Dispersive MHD turbulence in one dimension

TL;DR

This paper investigates dispersive magnetohydrodynamic turbulence in one dimension through numerical simulations, revealing how energy transfers among scales and wave types depend on propagation direction and dispersion effects.

Contribution

It provides new insights into the behavior of dispersive MHD turbulence, including the influence of dispersion on wave interactions and the development of plasma temperature anisotropy.

Findings

Alfvén-wave transfer to small scales is inhibited in parallel propagation.

Oblique directions show a dominantly compressible turbulence with kinetic Alfvén waves.
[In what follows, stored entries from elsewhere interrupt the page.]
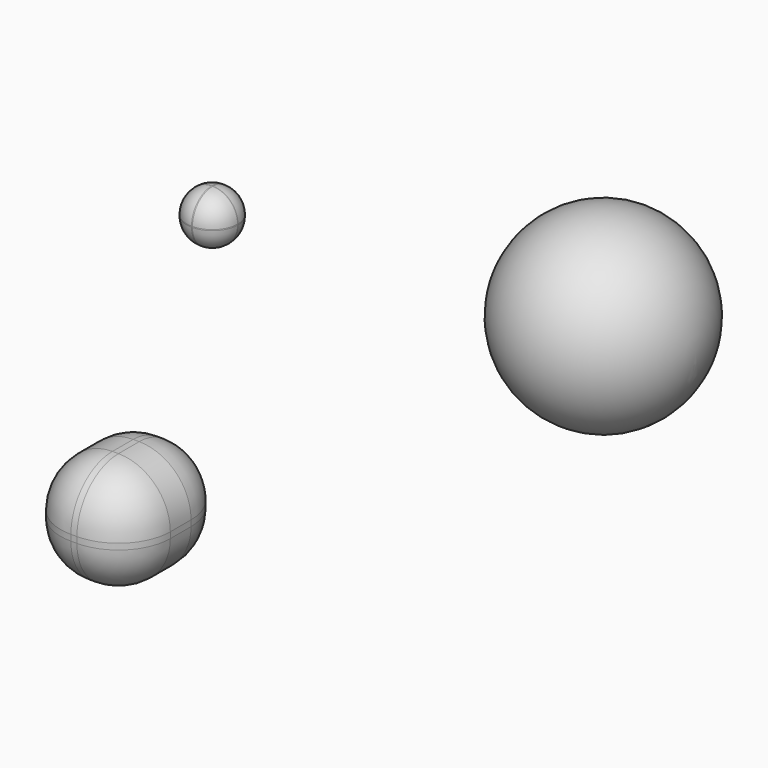
from build123d import *

# Parameters (mm, degrees)
F1_W     = 21.5005669743
F1_H     = 21.5005669743
F2_DEPTH = 25.4
F3_R     = 10.16
F6_W     = 9.9950358272
F6_H     = 9.9950358272
F7_DEPTH = 4.95
F8_R     = 4.9


# Not quite as in the source:
# - ends of sketch curves that miss each other by under 0.0002 mm in the source are joined


with BuildPart() as f2:
    # F1 (on Front) → F2 (new body)
    with BuildSketch(Plane.XZ):
        with Locations((-114.0103889629, -17.3241058365)):
            Rectangle(F1_W, F1_H)
    extrude(amount=F2_DEPTH)

    # F3
    f3_edges = [f2.edges().sort_by_distance(p)[0] for p in [
        (-103.260105, -12.7, -28.074389),
        (-114.010389, -25.4, -28.074389),
        (-124.760672, -12.7, -28.074389),
        (-114.010389, 0, -28.074389),
        (-124.760672, -25.4, -17.324106),
        (-103.260105, -25.4, -17.324106),
        (-114.010389, -25.4, -6.573822),
        (-124.760672, -12.7, -6.573822),
        (-103.260105, -12.7, -6.573822),
        (-114.010389, 0, -6.573822),
        (-124.760672, 0, -17.324106),
        (-103.260105, 0, -17.324106),
    ]]
    fillet(f3_edges, radius=F3_R)


with BuildPart() as f5:
    # F4 (on Front) → F5 (revolve)
    with BuildSketch(Plane.XZ):
        with BuildLine():
            ThreePointArc((-48.8007047402, 37.8541760147), (-30.6370421313, 19.6905134058), (-12.4733795224, 37.8541760147))
            Line((-12.4733795224, 37.8541760147), (-48.8007047402, 37.8541760147))
        make_face()
    revolve(axis=Axis((-30.6370421313, 0, 37.8541760147), (-1, 0, 0)))


with BuildPart() as f7:
    # F6 (on Front) → F7 (new body, symmetric)
    with BuildSketch(Plane.XZ):
        with Locations((-107.2410680354, 30.3790532053)):
            Rectangle(F6_W, F6_H)
    extrude(amount=F7_DEPTH, both=True)

    # F8
    f8_edges = [f7.edges().sort_by_distance(p)[0] for p in [
        (-112.238586, 0, 35.376571),
        (-112.238586, 4.95, 30.379053),
        (-112.238586, 0, 25.381535),
        (-112.238586, -4.95, 30.379053),
        (-102.24355, 4.95, 30.379053),
        (-102.24355, 0, 35.376571),
        (-102.24355, -4.95, 30.379053),
        (-102.24355, 0, 25.381535),
        (-107.241068, 4.95, 35.376571),
        (-107.241068, 4.95, 25.381535),
        (-107.241068, -4.95, 35.376571),
        (-107.241068, -4.95, 25.381535),
    ]]
    fillet(f8_edges, radius=F8_R)


solid = Compound([f2.part, f5.part, f7.part])

Temperature anisotropy leads to recurrent plasma instabilities.

Abstract

Numerical simulations of dispersive turbulence in magnetized plasmas based on the Hall-MHD description are presented, assuming spatial variations along a unique direction making a prescribed angle with the ambient magnetic field. Main observations concern the energy transfers among the different scales and the various types of MHD waves, together with the conditions for the establishment of pressure-balanced structures. For parallel propagation, Alfv\'en-wave transfer to small scales is strongly inhibited and rather feeds magnetosonic modes, unless the effect of dispersion is strong enough at the energy injection scale. In oblique directions, the dominantly compressible character of the turbulence is pointed out with, for quasi-transverse propagation, the presence of conspicuous kinetic Alfv\'en waves. Preliminary simulations of a Landau fluid model incorporating relevant linear kinetic effects reveal the development of a significant plasma temperature anisotropy leading to recurrent instabilities.